Castrametation (Latin castra — camp and metor — measure) is an ancient term that has not been used since the 19th century meaning the art of choosing a place for military camps and providing fortifications for them, as well as barriers from opponent attacks. Originally castrametation was a branch of military art. It appeared in Ancient Greece and Persia, and was especially developed in Ancient Rome.
Fortress is a strategic point fortified by means of long-term fortification and supplied with a permanent military post, weapons, provision and management.
Curtain (Italian curitne — curtain) is an area of the fence barrier between the flanks of two neighboring bastions or between two towers.
Lunette (French lunettes — glasses) is an open from the gorge field fortification with one or, more often, two faces and two flanks.
Defense structures are a group of fortificating structures used to shoot from.
Cladding in fortification is artificial siding of earthen sloping to protect from destruction, collapse and erosion by water or to reduce the sloping.
Face, front (French face — a face) is a side of a fortification facing the field.
Flank (French flanc — a side) is a short side of the fortification, perpendicular or almost perpendicular to the front line. In the bastion system this is the side of the bastion between the face and the curtain where weapons were set to shoot at the ditch in front of the curtain.
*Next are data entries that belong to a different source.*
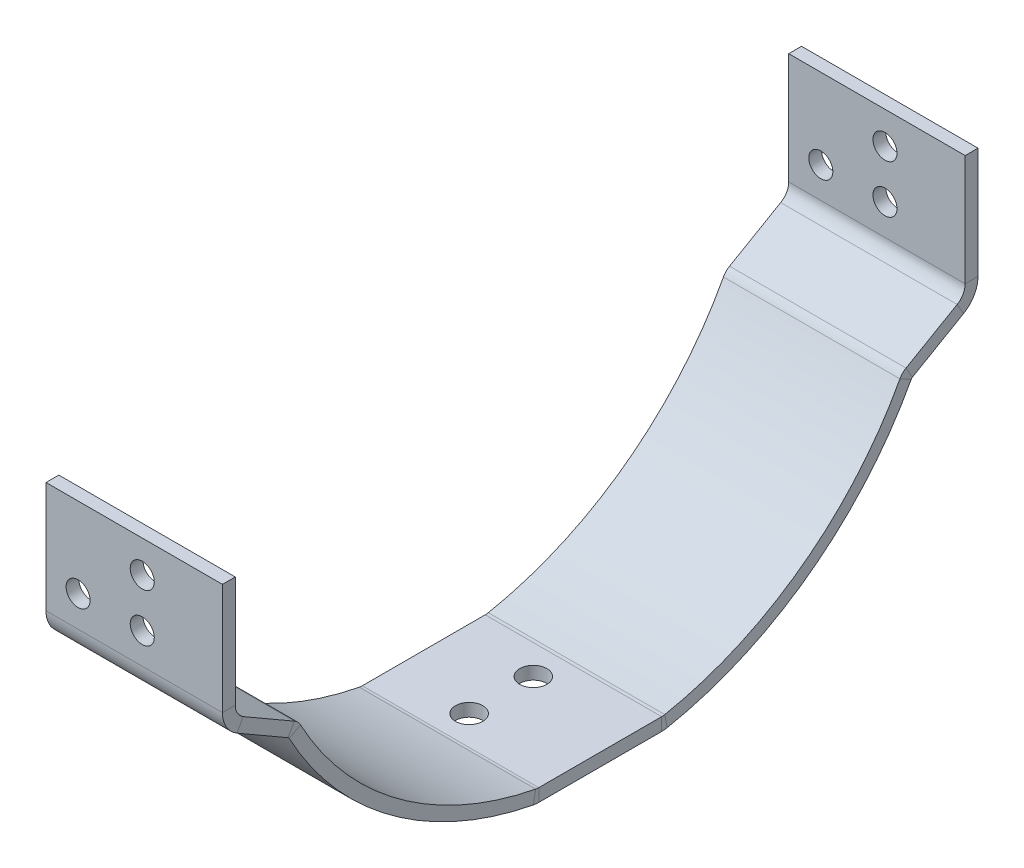
from build123d import *

# Parameters (mm, degrees)
BOSS_EXTRUDE1_DEPTH   = 22
FILLET1_R             = 2
F_3_0MM_DOWEL_HOLE2_D = 3
CONVERT_SOLID1_DEPTH  = 22
M3_CLEARANCE_HOLE1_D  = 3.4


# Read off the part's stored shape, not the designer's step: Convert-Solid1
with BuildPart() as part:
    # Sketch1 → Boss-Extrude1 (new body)
    with BuildSketch(Plane(origin=(0, 0, 0), x_dir=(0, 0, -1), z_dir=(1, 0, 0))):
        with BuildLine():
            Line((-45.5, -15), (-37.62592062, -19.54610185))
            ThreePointArc((-37.62592062, -19.54610185), (-25.286133167, -34.034856683), (-7.851953195, -41.666615306))
            Line((-7.851953195, -41.666615306), (7.851953195, -41.666615306))
            ThreePointArc((7.851953195, -41.666615306), (25.286133167, -34.034856683), (37.62592062, -19.54610185))
            Line((37.62592062, -19.54610185), (45.5, -15))
            Line((45.5, -15), (45.5, 0))
            Line((45.5, 0), (47.1, 0))
            Line((47.1, 0), (47.1, -15.923760431))
            Line((47.1, -15.923760431), (38.826379575, -20.70053741))
            ThreePointArc((38.826379575, -20.70053741), (25.990083184, -35.503740311), (8, -43.266615306))
            Line((8, -43.266615306), (-8, -43.266615306))
            ThreePointArc((-8, -43.266615306), (-25.990083184, -35.503740311), (-38.826379575, -20.70053741))
            Line((-38.826379575, -20.70053741), (-47.1, -15.923760431))
            Line((-47.1, -15.923760431), (-47.1, 0))
            Line((-47.1, 0), (-45.5, 0))
            Line((-45.5, 0), (-45.5, -15))
        make_face()
    extrude(amount=BOSS_EXTRUDE1_DEPTH)

    # Fillet1
    fillet1_edges = [part.edges().sort_by_distance(p)[0] for p in [
        (11, -15.923760431, 47.1),
        (11, -15, 45.5),
        (11, -19.54610185, 37.62592062),
        (11, -41.666615306, 7.851953195),
        (11, -41.666615306, -7.851953195),
        (11, -19.54610185, -37.62592062),
        (11, -15, -45.5),
        (11, -15.923760431, -47.1),
        (11, -20.70053741, -38.826379575),
        (11, -43.266615306, -8),
        (11, -43.266615306, 8),
        (11, -20.70053741, 38.826379575),
    ]]
    fillet(fillet1_edges, radius=FILLET1_R)

    # Ø3.0mm Dowel Hole2 (through all)
    with Locations(Plane.XY.offset(47.1)):
        with Locations((4, -10), (12, -10), (12, -4)):
            Hole(F_3_0MM_DOWEL_HOLE2_D / 2)

    # Convert-Solid1 outline → Convert-Solid1 (cut)
    with BuildSketch(Plane.YZ):
        with BuildLine():
            ThreePointArc((-13.845299462, -47.1), (-15.645299462, -46.617691454), (-16.962990915, -45.3))
            Line((-16.962990915, -45.3), (-16.5011107, -46.1))
            ThreePointArc((-16.5011107, -46.1), (-15.769059892, -46.832050808), (-14.769059892, -47.1))
            Line((-14.769059892, -47.1), (-13.845299462, -47.1))
        make_face()
        with BuildLine():
            Line((-16.5011107, 46.1), (-16.962990915, 45.3))
            ThreePointArc((-16.962990915, 45.3), (-15.645299462, 46.617691454), (-13.845299462, 47.1))
            Line((-13.845299462, 47.1), (-14.769059892, 47.1))
            ThreePointArc((-14.769059892, 47.1), (-15.769059892, 46.832050808), (-16.5011107, 46.1))
        make_face()
        with BuildLine():
            ThreePointArc((-20.41783584, 39.316033057), (-20.750751076, 38.886900575), (-21.186848098, 38.563162055))
            ThreePointArc((-21.186848098, 38.563162055), (-20.994067, 38.668451622), (-20.800762672, 38.772777464))
            ThreePointArc((-20.800762672, 38.772777464), (-20.711463806, 38.838037356), (-20.643450353, 38.925257259))
            Line((-20.643450353, 38.925257259), (-20.41783584, 39.316033057))
        make_face()
        with BuildLine():
            Line((-43.266615306, 7.814503261), (-43.266615306, 7.662873495))
            ThreePointArc((-43.266615306, 7.662873495), (-43.250240286, 8.005848713), (-43.201264194, 8.345703806))
            ThreePointArc((-43.201264194, 8.345703806), (-43.216551408, 8.266177136), (-43.231692225, 8.186622464))
            ThreePointArc((-43.231692225, 8.186622464), (-43.257865395, 8.001380442), (-43.266615306, 7.814503261))
        make_face()
        with BuildLine():
            ThreePointArc((-43.231692225, -8.186622464), (-43.216551408, -8.266177136), (-43.201264194, -8.345703806))
            ThreePointArc((-43.201264194, -8.345703806), (-43.250240286, -8.005848713), (-43.266615306, -7.662873495))
            Line((-43.266615306, -7.662873495), (-43.266615306, -7.814503261))
            ThreePointArc((-43.266615306, -7.814503261), (-43.257865395, -8.001380442), (-43.231692225, -8.186622464))
        make_face()
        with BuildLine():
            ThreePointArc((-21.186848098, -38.563162055), (-20.750751076, -38.886900575), (-20.41783584, -39.316033057))
            Line((-20.41783584, -39.316033057), (-20.643450353, -38.925257259))
            ThreePointArc((-20.643450353, -38.925257259), (-20.711463806, -38.838037356), (-20.800762672, -38.772777464))
            ThreePointArc((-20.800762672, -38.772777464), (-20.994067, -38.668451622), (-21.186848098, -38.563162055))
        make_face()
    extrude(amount=CONVERT_SOLID1_DEPTH, mode=Mode.SUBTRACT)

    # M3 Clearance Hole1 (through all)
    with Locations(Plane(origin=(0, -41.666615306, 0), x_dir=(1, 0, 0), z_dir=(0, 1, 0))):
        with Locations((9.658073919, -4.00254861), (9.658073919, 3.99745139)):
            Hole(M3_CLEARANCE_HOLE1_D / 2)


solid = part.part
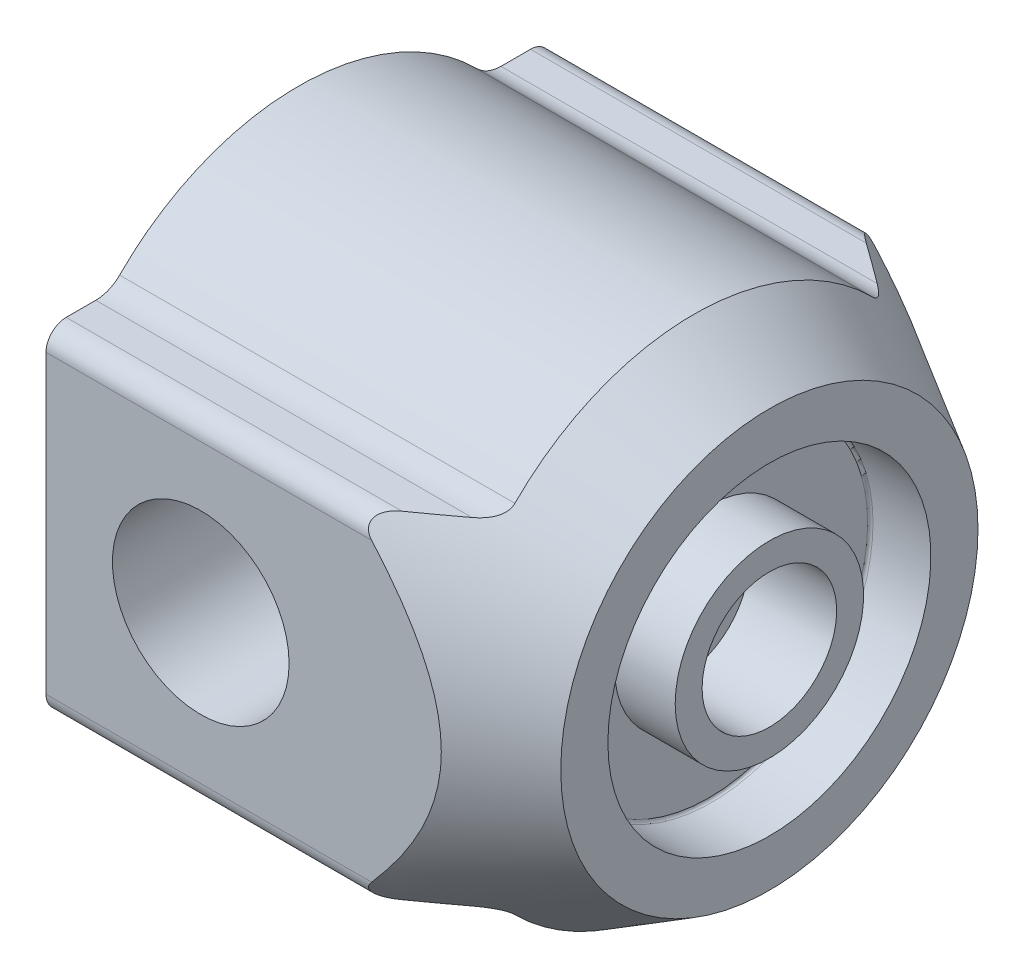
from build123d import *
from build123d.topology import SkipClean

# Parameters (mm, degrees)
SKETCH7_OUTSIDE_W   = 102.416
SKETCH7_OUTSIDE_H   = 102.416
SKETCH7_OUTSIDE_W_2 = 74
SKETCH7_OUTSIDE_H_2 = 80
CUT_EXTRUDE4_DEPTH  = 58.741669751
EXTRUDE4_START      = -58.741669751
EXTRUDE4_DEPTH      = 58.741669751
FILLET2_R           = 5
SKETCH4_R           = 13.125
CUT_EXTRUDE1_DEPTH  = 45
FILLET1_R           = 0.4


with BuildPart() as part:
    # Sketch1 → Base-Revolve (revolve)
    with BuildSketch(Plane.XY, mode=Mode.PRIVATE) as base_revolve_sk:
        Polygon((-23, 0), (-23, 37.5), (35.741669751, 37.5), (47, 31), (47, 24), (38, 24), (38, 14), (47, 14), (47, 10), (34, 10), (34, 6), (25, 6), (21.535898385, 0), align=None)
    revolve(base_revolve_sk.sketch.rotate(Axis((-65.592135762, 0, 0), (1, 0, 0)), 90), axis=Axis((-65.592135762, 0, 0), (1, 0, 0)))

    # Sketch2 → Cut-Revolve1 (revolve, cut)
    with BuildSketch(Plane.XY, mode=Mode.PRIVATE) as cut_revolve1_sk:
        Polygon((-23, 36), (-21.5, 36), (-21.5, 31.65), (39, 31.65), (43.416729559, 24), (-23, 24), align=None)
    revolve(cut_revolve1_sk.sketch.rotate(Axis((-29.427152318, 24, 0), (1, 0, 0)), 90), axis=Axis((-29.427152318, 24, 0), (1, 0, 0)), mode=Mode.SUBTRACT)

    # Sketch3 → Cut-Revolve2 (revolve, cut)
    with BuildSketch(Plane.XY, mode=Mode.PRIVATE) as cut_revolve2_sk:
        Polygon((-23, -36), (-21.5, -36), (-21.5, -31.65), (29, -31.65), (33.416729559, -24), (-23, -24), align=None)
    revolve(cut_revolve2_sk.sketch.rotate(Axis((-27.440397351, -24, 0), (1, 0, 0)), 270), axis=Axis((-27.440397351, -24, 0), (1, 0, 0)), mode=Mode.SUBTRACT)

    # Sketch7 outside → Cut-Extrude4 (cut)
    with BuildSketch(Plane.ZY.offset(-35.741669751)):
        Rectangle(SKETCH7_OUTSIDE_W, SKETCH7_OUTSIDE_H)
        Rectangle(SKETCH7_OUTSIDE_W_2, SKETCH7_OUTSIDE_H_2, mode=Mode.SUBTRACT)
    extrude(amount=CUT_EXTRUDE4_DEPTH, mode=Mode.SUBTRACT)

    # Sketch8 → Extrude4 (add)
    with BuildSketch(Plane.ZY.offset(23).offset(EXTRUDE4_START)):
        with BuildLine():
            Line((-27.950849719, 25), (-34.5, 25))
            ThreePointArc((-34.5, 25), (-36.621320344, 24.121320344), (-37.5, 22))
            Line((-37.5, 22), (-37.5, -22))
            ThreePointArc((-37.5, -22), (-36.621320344, -24.121320344), (-34.5, -25))
            Line((-34.5, -25), (-27.950849719, -25))
            ThreePointArc((-27.950849719, -25), (-33.821956584, -16.196458033), (-37, -6.103277808))
            Line((-37, -6.103277808), (-37, 6.103277808))
            ThreePointArc((-37, 6.103277808), (-33.821956584, 16.196458033), (-27.950849719, 25))
        make_face()
        with BuildLine():
            Line((34.5, -25), (27.950849719, -25))
            ThreePointArc((27.950849719, -25), (33.821956584, -16.196458033), (37, -6.103277808))
            Line((37, -6.103277808), (37, 6.103277808))
            ThreePointArc((37, 6.103277808), (33.821956584, 16.196458033), (27.950849719, 25))
            Line((27.950849719, 25), (34.5, 25))
            ThreePointArc((34.5, 25), (36.621320344, 24.121320344), (37.5, 22))
            Line((37.5, 22), (37.5, -22))
            ThreePointArc((37.5, -22), (36.621320344, -24.121320344), (34.5, -25))
        make_face()
    extrude(amount=EXTRUDE4_DEPTH)

    # Fillet2
    # the kernel refuses this fillet: 5 mm, written as the material it adds along each edge
    with BuildSketch(Plane(origin=(35.741669751, 25, -27.950849719), x_dir=(0, 0, -1), z_dir=(-1, 0, 0)), Plane(origin=(35.741669751, -25, 27.950849719), x_dir=(0, 0, 1), z_dir=(-1, 0, 0))) as fillet2_piece_1:
        with BuildLine():
            CenterArc((2.153136728, -5), FILLET2_R, 90, 45.099127844)
            ThreePointArc((-1.388508736, -1.470588235), (-0.684338252, -0.744656775), (0, 0))
            Line((0, 0), (2.153136728, 0))
        make_face()
    extrude(amount=58.741669751)
    with BuildSketch(Plane(origin=(35.741669751, -25, -27.950849719), x_dir=(0, 0, -1), z_dir=(-1, 0, 0))) as fillet2_piece_2:
        with BuildLine():
            CenterArc((2.153136728, 5), FILLET2_R, 224.900872156, 45.099127844)
            ThreePointArc((-1.388508736, 1.470588235), (-0.684338252, 0.744656775), (0, 0))
            Line((0, 0), (2.153136728, 0))
        make_face()
    extrude(amount=58.741669751)
    with BuildSketch(Plane(origin=(35.741669751, 25, 27.950849719), x_dir=(0, 0.7271069724389511, -0.6865241806598386), z_dir=(-1, 0, 0))) as fillet2_piece_3:
        with BuildLine():
            CenterArc((2.157354434, -4.998181631), FILLET2_R, 91.54527863, 45.099127844)
            Line((-1.478180428, -1.565560728), (0, 0))
            ThreePointArc((0, 0), (1.011259891, -0.013637767), (2.022519782, 0))
        make_face()
    extrude(amount=58.741669751)

    # Sketch4 → Cut-Extrude1 (cut, symmetric)
    with BuildSketch(Plane.XY):
        Circle(SKETCH4_R)
    extrude(amount=CUT_EXTRUDE1_DEPTH, both=True, mode=Mode.SUBTRACT)

    # Sketch5 → Cut-Revolve3 (revolve, cut)
    with BuildSketch(Plane(origin=(24, 0, 0), x_dir=(0, 0, -1), z_dir=(1, 0, 0)), mode=Mode.PRIVATE) as cut_revolve3_sk:
        Polygon((16.059493946, -34.439695907), (25.122571817, -30.21351329), (24.277335293, -28.400897716), (20.561473366, -30.133632589), (2.811506373, 7.931294466), (-3.975302297, 8.525063287), align=None)
    revolve(cut_revolve3_sk.sketch.rotate(Axis((24, 0, 0), (0, -0.9063077870366493, -0.422618261740701)), 180), axis=Axis((24, 0, 0), (0, -0.9063077870366493, -0.422618261740701)), mode=Mode.SUBTRACT)

    # Fillet1
    fillet1_edges = [part.edges().sort_by_distance(p)[0] for p in [
        (38, -19.458330429, -14.048963553),
    ]]
    fillet(fillet1_edges, radius=FILLET1_R)

    # Sketch9 → Cut-Revolve4 (revolve, cut)
    with SkipClean():  # the faces are left unmerged after this step: merging them gives an invalid solid
        with BuildSketch(Plane.XY, mode=Mode.PRIVATE) as cut_revolve4_sk:
            Polygon((47, 31), (7, 54.094010768), (47, 54.094010768), align=None)
        revolve(cut_revolve4_sk.sketch.rotate(Axis((0, 0, 0), (1, 0, 0)), 90), axis=Axis((0, 0, 0), (1, 0, 0)), mode=Mode.SUBTRACT)


solid = part.part

Flank (curtain) corner is the corner between the flank and the curtain.
Fort (Latin fortis — strong, tough) is a closed fortification of long-term or temporary character, the main element of the line of external fortifications of the fortress.
Fortificating structure is a structure built to provide for the fight itself.
Fortification (Latin fortificatio — fortification) is defined both as an art and as science. French Engineer Lobligeois defines Fortification as «an art of using passive resistance of immovable structures (obstacles, shelters and closings) in order to save strength».